Hermite least squares optimization (HermiteLS): a modification of PyBOBYQA for optimization with limited derivative information
HermiteLS is a modification of the PyBOBYQA Version 1.2 framework described below. It allows the usage of some partial derivatives and uses least squares regression insted of interpolation. More details can be found in our paper:
- Mona Fuhrländer and Sebastian Schöps, Hermite least squares optimization: a modification of PyBOBYQA for optimization with limited derivative information, Optimization and Engineering, 2023, DOI: 10.1007/s11081-023-09795-y.
The original Py-BOBYQA is a flexible package for solving bound-constrained general objective minimization, without requiring derivatives of the objective. At its core, it is a Python implementation of the BOBYQA algorithm by Powell, but Py-BOBYQA has extra features improving its performance on some problems (see the papers below for details). Py-BOBYQA is particularly useful when evaluations of the objective function are expensive and/or noisy.
More details about Py-BOBYQA and its enhancements over BOBYQA can be found in our papers:
- Coralia Cartis, Jan Fiala, Benjamin Marteau and Lindon Roberts, Improving the Flexibility and Robustness of Model-Based Derivative-Free Optimization Solvers, ACM Transactions on Mathematical Software, 45:3 (2019), pp. 32:1-32:41 [arXiv preprint: 1804.00154]

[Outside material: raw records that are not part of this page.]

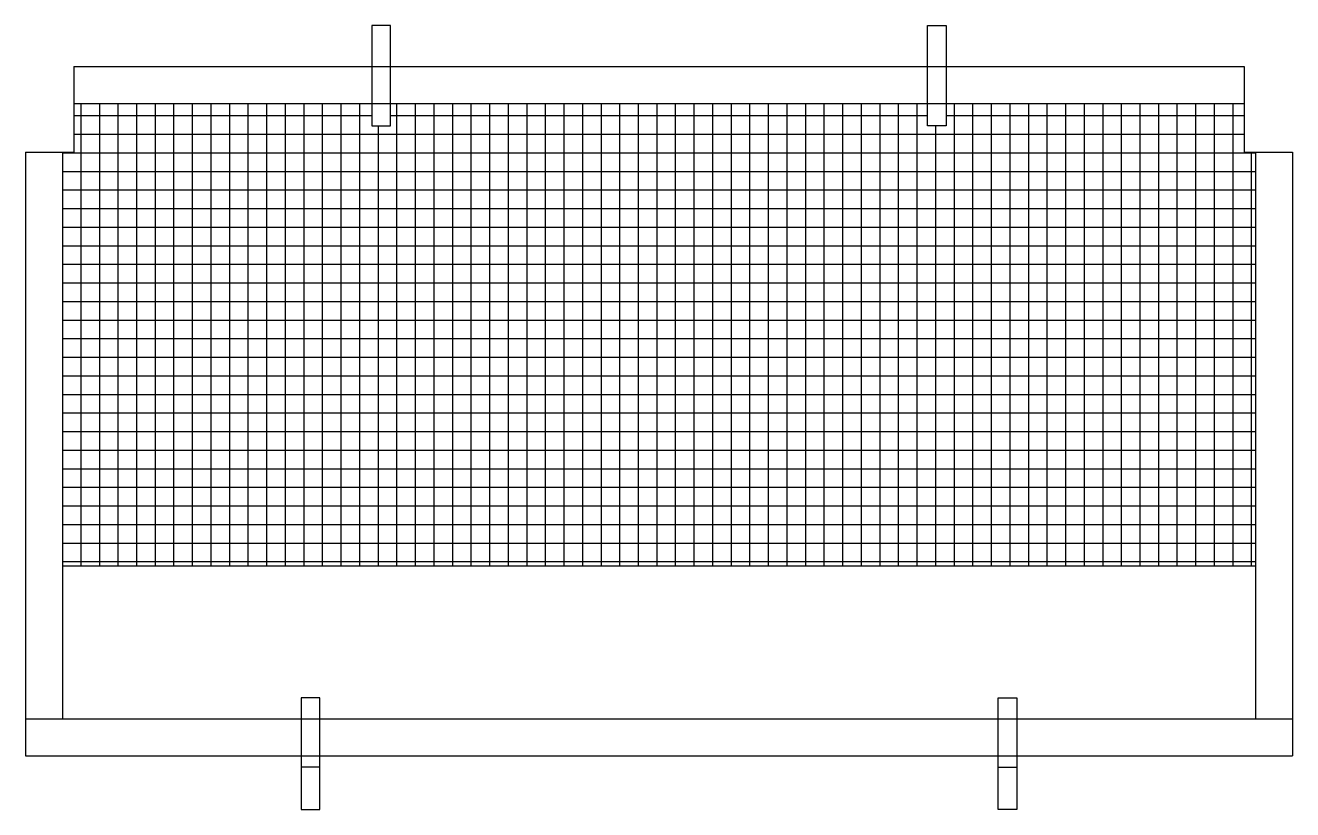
# Model space of a CAD drawing. Header units: millimetres. Extents: x 0 to 1700, y -557 to 495.
import ezdxf

# ---------------------------------------------------------------- set-up
doc = ezdxf.new("R2010")
doc.units = ezdxf.units.MM
doc.layers.add('KwikScaf Matrix', color=7, linetype='Continuous')

# ---------------------------------------------------------------- blocks, each defined once
blk = doc.blocks.new('109838xz')
at = {"layer": 'KwikScaf Matrix'}
h = blk.add_hatch(dxfattribs=at)
h.set_pattern_fill('NET', color=0, scale=7.85, style=0)
h.paths.add_polyline_path([(1650, 325), (1635, 325), (1635, 390), (1235, 390), (1235, 360), (1210, 360), (1210, 390), (490, 390), (490, 360), (465, 360), (465, 390), (65, 390), (65, 325), (50, 325), (50, -230), (1650, -230)])
at = {"layer": 'KwikScaf Matrix', "color": 0}
for p, q in [((65, 440), (1635, 440)), ((65, 440), (65, 325)), ((1635, 440), (1635, 325)), ((65, 390), (1635, 390)), ((0, 325), (0, -485)), ((0, 325), (65, 325)), ((50, 325), (50, -435)), ((1635, 325), (1700, 325)), ((1650, 325), (1650, -435)), ((1700, 325), (1700, -485)), ((50, -230), (1650, -230)), ((0, -435), (1700, -435)), ((395, -500), (370, -500)), ((1305, -500), (1330, -500))]:
    blk.add_line(p, q, dxfattribs=at)
for points in [[(465, 360), (490, 360), (490, 495), (465, 495)], [(1235, 360), (1210, 360), (1210, 495), (1235, 495)], [(370, -557), (395, -557), (395, -407), (370, -407)], [(1330, -557), (1305, -557), (1305, -407), (1330, -407)]]:
    blk.add_lwpolyline(points, close=True, dxfattribs=at)
blk.add_lwpolyline([(0, -485), (1700, -485)], dxfattribs=at)

msp = doc.modelspace()

# ---------------------------------------------------------------- block references
msp.add_blockref('109838xz', (0, 0))

doc.saveas('drawing.dxf')
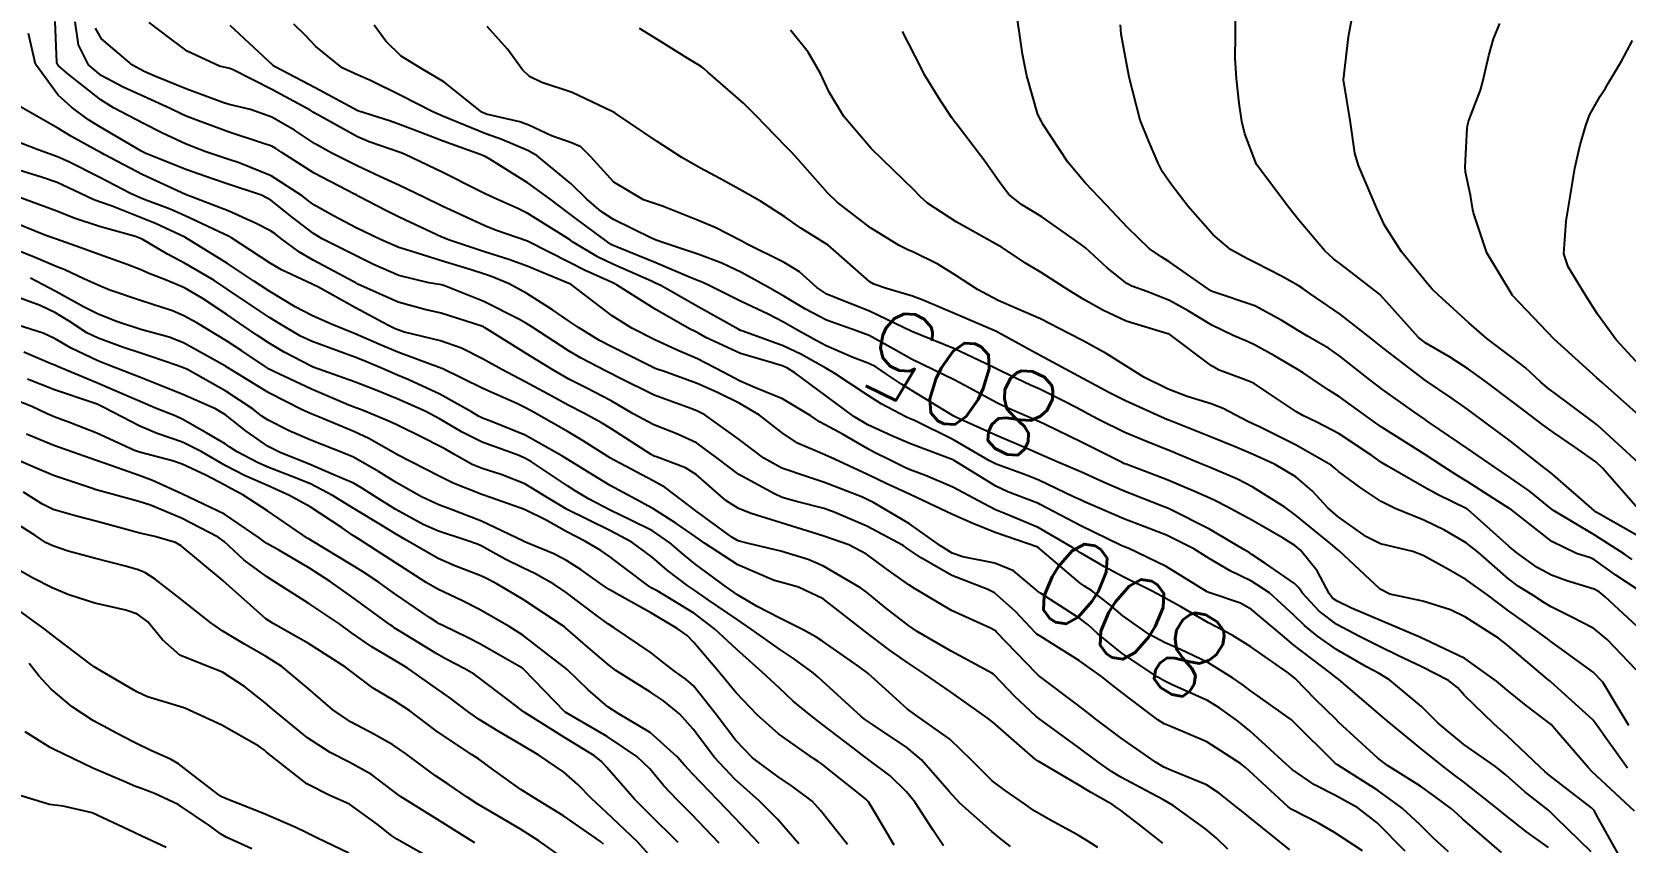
# Model space of a CAD drawing. Header units: metres. Extents: x 307586 to 320046, y 7427249 to 7434250.
# Drawn here: x 319040.3 to 319114.7, y 7429879.1 to 7429917 of the extents above; entities that cross this region are included whole.
import ezdxf
from ezdxf.enums import TextEntityAlignment as Align

# ---------------------------------------------------------------- set-up
doc = ezdxf.new("R2010")
doc.units = ezdxf.units.M
doc.header["$MEASUREMENT"] = 0
for name, color, linetype in [('Cotas', 45, 'Continuous'), ('Curvas de Nivel 1m', 11, 'Continuous'), ('Curvas de Nivel 5m', 15, 'Continuous')]:
    doc.layers.add(name, color=color, linetype=linetype)
doc.styles.add('Style-STANDARD', font='STANDARD.shx')

msp = doc.modelspace()

# ---------------------------------------------------------------- linework, layer by layer
at = {"layer": 'Curvas de Nivel 1m', "flags": 128}
for points, elevation in [([(319115.046, 7429892.358), (319114.689, 7429892.606), (319113.306, 7429893.489), (319111.368, 7429894.64), (319111.323, 7429894.674), (319110.236, 7429895.56), (319109.338, 7429896.191), (319108.601, 7429896.677), (319107.356, 7429897.534), (319105.62, 7429898.716), (319105.474, 7429898.819), (319105.375, 7429898.887), (319104.839, 7429899.264), (319103.388, 7429900.298), (319102.799, 7429900.746), (319101.404, 7429901.858), (319100.867, 7429902.227), (319099.893, 7429902.783), (319099.417, 7429903.063), (319098.696, 7429903.525), (319097.434, 7429904.201), (319095.536, 7429904.839), (319095.459, 7429904.856), (319095.443, 7429904.868), (319095.376, 7429904.908), (319093.457, 7429906.249), (319093.078, 7429906.482), (319092.51, 7429906.874), (319091.478, 7429907.871), (319090.494, 7429908.9), (319089.503, 7429909.958), (319088.694, 7429910.918), (319087.53, 7429912.686), (319087.443, 7429912.842), (319087.397, 7429912.932), (319087.28, 7429913.191), (319086.775, 7429914.942), (319086.582, 7429915.954), (319086.434, 7429916.947), (319086.234, 7429918.32)], 811), ([(319115.347, 7429896.871), (319113.443, 7429898.619), (319113.374, 7429898.682), (319113.163, 7429898.835), (319111.388, 7429900.155), (319111.11, 7429900.364), (319110.775, 7429900.649), (319110.055, 7429901.316), (319109.404, 7429901.825), (319108.269, 7429902.681), (319107.424, 7429903.415), (319105.984, 7429904.712), (319105.716, 7429904.986), (319105.449, 7429905.287), (319104.273, 7429906.732), (319103.481, 7429907.97), (319103.124, 7429908.746), (319102.647, 7429909.895), (319102.266, 7429910.759), (319102.099, 7429911.342), (319101.893, 7429912.765), (319101.563, 7429914.77), (319101.794, 7429916.767), (319102.084, 7429918.284)], 814), ([(319108.94, 7429878.672), (319107.148, 7429880.22), (319106.903, 7429880.446), (319106.606, 7429880.698), (319105.777, 7429881.329), (319105.163, 7429881.759), (319103.629, 7429882.735), (319103.178, 7429883.077), (319101.338, 7429884.759), (319101.204, 7429884.887), (319100.259, 7429885.82), (319099.308, 7429886.789), (319099.224, 7429886.866), (319098.938, 7429887.083), (319097.245, 7429888.276), (319096.375, 7429888.823), (319095.623, 7429889.201), (319095.258, 7429889.387), (319093.997, 7429890.121), (319093.27, 7429890.537), (319092.629, 7429890.866), (319091.279, 7429891.537), (319090.403, 7429892.012), (319089.291, 7429892.668), (319088.913, 7429892.914), (319087.307, 7429893.842), (319085.784, 7429894.485), (319085.319, 7429894.667), (319084.755, 7429894.966), (319083.331, 7429895.739), (319082.051, 7429896.277), (319081.338, 7429896.545), (319081.022, 7429896.687), (319080.371, 7429897.015), (319079.673, 7429897.35), (319079.348, 7429897.524), (319078.198, 7429898.198), (319077.359, 7429898.652), (319077.098, 7429898.792), (319076.696, 7429899.06), (319075.375, 7429899.854), (319074.109, 7429900.366), (319073.387, 7429900.686), (319072.606, 7429901.108), (319071.399, 7429901.726), (319070.424, 7429902.156), (319069.408, 7429902.622), (319068.341, 7429903.161), (319067.421, 7429903.73), (319065.499, 7429905.199), (319065.463, 7429905.22), (319065.443, 7429905.23), (319065.389, 7429905.255), (319063.451, 7429906.062), (319062.597, 7429906.375), (319061.458, 7429906.731), (319059.821, 7429907.266), (319059.464, 7429907.414), (319059.201, 7429907.537), (319057.474, 7429908.352), (319056.842, 7429908.665), (319055.591, 7429909.318), (319055.484, 7429909.376), (319055.385, 7429909.421), (319053.499, 7429910.407), (319051.987, 7429911.363), (319051.704, 7429911.556), (319051.516, 7429911.661), (319051.089, 7429911.803), (319049.522, 7429912.315), (319048.09, 7429912.841), (319047.529, 7429913.062), (319047.289, 7429913.172), (319046.776, 7429913.421), (319045.541, 7429913.986), (319044.581, 7429914.416), (319043.555, 7429914.963), (319042.959, 7429915.469), (319042.487, 7429916.392), (319042.338, 7429917.479)], 801), ([(319115.324, 7429894.718), (319113.668, 7429896.617), (319113.347, 7429896.918), (319112.397, 7429897.59), (319111.368, 7429898.288), (319110.873, 7429898.648), (319110.018, 7429899.299), (319109.384, 7429899.779), (319108.186, 7429900.682), (319107.399, 7429901.252), (319106.516, 7429901.816), (319105.41, 7429902.455), (319105.076, 7429902.723), (319103.44, 7429904.553), (319103.245, 7429904.742), (319101.457, 7429906.131), (319101.099, 7429906.405), (319100.697, 7429906.771), (319099.484, 7429908.211), (319099.009, 7429908.795), (319097.513, 7429910.81), (319096.955, 7429912.246), (319096.816, 7429912.821), (319096.702, 7429913.667), (319096.565, 7429914.825), (319096.515, 7429915.769), (319096.522, 7429916.826), (319096.517, 7429917.908)], 813), ([(319104.443, 7429878.727), (319103.146, 7429880.043), (319102.239, 7429880.749), (319101.159, 7429881.338), (319100.215, 7429881.825), (319099.17, 7429882.542), (319098.892, 7429882.793), (319097.196, 7429884.353), (319096.621, 7429884.819), (319095.789, 7429885.412), (319095.212, 7429885.76), (319093.573, 7429886.503), (319093.221, 7429886.672), (319092.902, 7429886.863), (319091.239, 7429887.965), (319090.083, 7429888.898), (319089.651, 7429889.298), (319089.26, 7429889.6), (319087.416, 7429890.784), (319087.272, 7429890.875), (319087.243, 7429890.901), (319087.212, 7429890.931), (319086.151, 7429891.817), (319085.285, 7429892.18), (319083.791, 7429892.471), (319083.29, 7429892.646), (319082.752, 7429892.985), (319081.308, 7429894.015), (319079.592, 7429895.026), (319079.412, 7429895.117), (319079.324, 7429895.159), (319079.1, 7429895.258), (319077.332, 7429895.951), (319076.495, 7429896.223), (319075.338, 7429896.627), (319074.492, 7429897.089), (319073.351, 7429897.952), (319071.74, 7429899.116), (319071.366, 7429899.306), (319071.09, 7429899.402), (319069.376, 7429900.028), (319067.705, 7429900.85), (319067.391, 7429901.024), (319067.102, 7429901.174), (319065.964, 7429901.757), (319065.402, 7429902.087), (319063.67, 7429903.217), (319063.415, 7429903.379), (319063.061, 7429903.582), (319061.43, 7429904.408), (319059.557, 7429905.152), (319059.442, 7429905.182), (319058.857, 7429905.276), (319057.446, 7429905.626), (319056.277, 7429906.134), (319055.455, 7429906.543), (319053.873, 7429907.336), (319053.465, 7429907.588), (319052.469, 7429908.352), (319051.481, 7429909.139), (319051.045, 7429909.374), (319049.49, 7429909.894), (319048.754, 7429910.137), (319047.5, 7429910.58), (319045.609, 7429911.341), (319045.512, 7429911.385), (319045.411, 7429911.441), (319043.524, 7429912.548), (319042.959, 7429912.901), (319042.172, 7429913.48), (319041.541, 7429914.047), (319040.488, 7429915.501), (319040.162, 7429916.92)], 799), ([(319111.135, 7429878.892), (319110.121, 7429879.633), (319109.15, 7429880.396), (319108.813, 7429880.673), (319107.166, 7429881.958), (319106.749, 7429882.276), (319106.208, 7429882.704), (319105.185, 7429883.529), (319103.703, 7429884.735), (319103.207, 7429885.158), (319101.337, 7429886.759), (319101.224, 7429886.847), (319100.926, 7429887.066), (319099.246, 7429888.356), (319098.712, 7429888.795), (319097.265, 7429890.015), (319096.756, 7429890.306), (319095.273, 7429890.807), (319095.209, 7429890.841), (319093.285, 7429892.028), (319091.509, 7429892.878), (319091.294, 7429892.962), (319091.156, 7429893.021), (319089.308, 7429893.925), (319087.406, 7429894.929), (319087.323, 7429894.97), (319085.893, 7429895.516), (319085.331, 7429895.786), (319083.391, 7429896.98), (319083.343, 7429897.007), (319083.294, 7429897.03), (319081.354, 7429897.76), (319080.476, 7429898.13), (319079.359, 7429898.65), (319078.705, 7429899.037), (319077.377, 7429900.007), (319075.943, 7429901.072), (319075.609, 7429901.29), (319075.396, 7429901.392), (319074.951, 7429901.531), (319073.402, 7429901.981), (319071.797, 7429902.728), (319071.411, 7429902.936), (319071.287, 7429902.997), (319071.026, 7429903.126), (319069.426, 7429904.041), (319067.648, 7429905.168), (319067.444, 7429905.273), (319066.13, 7429905.87), (319065.453, 7429906.211), (319063.463, 7429907.22), (319061.96, 7429907.735), (319061.47, 7429907.935), (319060.228, 7429908.51), (319059.479, 7429908.866), (319058.621, 7429909.279), (319057.491, 7429909.822), (319056.559, 7429910.242), (319055.504, 7429910.742), (319054.329, 7429911.332), (319053.517, 7429911.792), (319052.579, 7429912.41), (319051.529, 7429913.025), (319050.527, 7429913.38), (319049.536, 7429913.615), (319049.226, 7429913.705), (319047.547, 7429914.331), (319046.051, 7429914.937), (319045.559, 7429915.148), (319045.019, 7429915.445), (319043.575, 7429916.681), (319043.287, 7429917.172)], 802), ([(319113.134, 7429878.701), (319111.483, 7429880.303), (319111.153, 7429880.622), (319110.023, 7429881.518), (319109.169, 7429882.273), (319108.666, 7429882.675), (319107.188, 7429883.715), (319105.982, 7429884.708), (319105.596, 7429885.103), (319105.211, 7429885.489), (319103.724, 7429886.735), (319103.227, 7429887.034), (319102.64, 7429887.338), (319101.244, 7429888.149), (319100.353, 7429888.773), (319099.749, 7429889.274), (319099.262, 7429889.734), (319098.105, 7429890.802), (319097.278, 7429891.345), (319096.28, 7429891.822), (319095.289, 7429892.402), (319094.585, 7429892.847), (319093.302, 7429893.487), (319092.295, 7429893.883), (319091.314, 7429894.254), (319089.796, 7429894.903), (319089.469, 7429895.053), (319089.325, 7429895.118), (319088.954, 7429895.287), (319087.334, 7429896.059), (319086.712, 7429896.315), (319085.341, 7429896.808), (319085.041, 7429896.963), (319083.357, 7429897.939), (319081.53, 7429898.839), (319081.372, 7429898.909), (319081.305, 7429898.934), (319081.161, 7429899.003), (319079.98, 7429899.629), (319079.378, 7429900.014), (319077.813, 7429901.046), (319077.395, 7429901.291), (319076.264, 7429901.93), (319075.406, 7429902.34), (319073.478, 7429903.034), (319073.412, 7429903.058), (319073.323, 7429903.101), (319071.429, 7429904.164), (319069.683, 7429905.148), (319069.444, 7429905.263), (319069.246, 7429905.351), (319067.453, 7429906.143), (319066.761, 7429906.485), (319065.564, 7429907.198), (319065.505, 7429907.241), (319065.464, 7429907.271), (319065.254, 7429907.413), (319063.476, 7429908.52), (319063.004, 7429908.753), (319061.884, 7429909.244), (319061.486, 7429909.437), (319061.116, 7429909.626), (319059.5, 7429910.44), (319057.711, 7429911.288), (319057.514, 7429911.367), (319056.072, 7429911.865), (319055.521, 7429912.102), (319053.839, 7429913.028), (319053.532, 7429913.203), (319053.447, 7429913.256), (319053.306, 7429913.343), (319051.547, 7429914.292), (319049.723, 7429915.226), (319049.561, 7429915.287), (319049.081, 7429915.395), (319047.57, 7429916.102), (319046.819, 7429916.665), (319045.794, 7429917.437)], 803), ([(319114.389, 7429878.607), (319113.434, 7429880.333), (319113.271, 7429880.619), (319113.154, 7429880.747), (319112.612, 7429881.172), (319111.169, 7429882.274), (319110.969, 7429882.441), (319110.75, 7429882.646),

- Coralia Cartis, Lindon Roberts and Oliver Sheridan-Methven, Escaping local minima with derivative-free methods: a numerical investigation, Optimization (2021). [arXiv preprint: 1812.11343]
Please cite [1,2] when using HermiteLS for local optimization with limited derivative information, and [1,2,3] when using Py-BOBYQA's global optimization heuristic functionality.
The original paper by Powell is: M. J. D. Powell, The BOBYQA algorithm for bound constrained optimization without derivatives, technical report DAMTP 2009/NA06, University of Cambridge (2009), and the original Fortran implementation is available here.
For the original PyBOBYQA package, see the online manual.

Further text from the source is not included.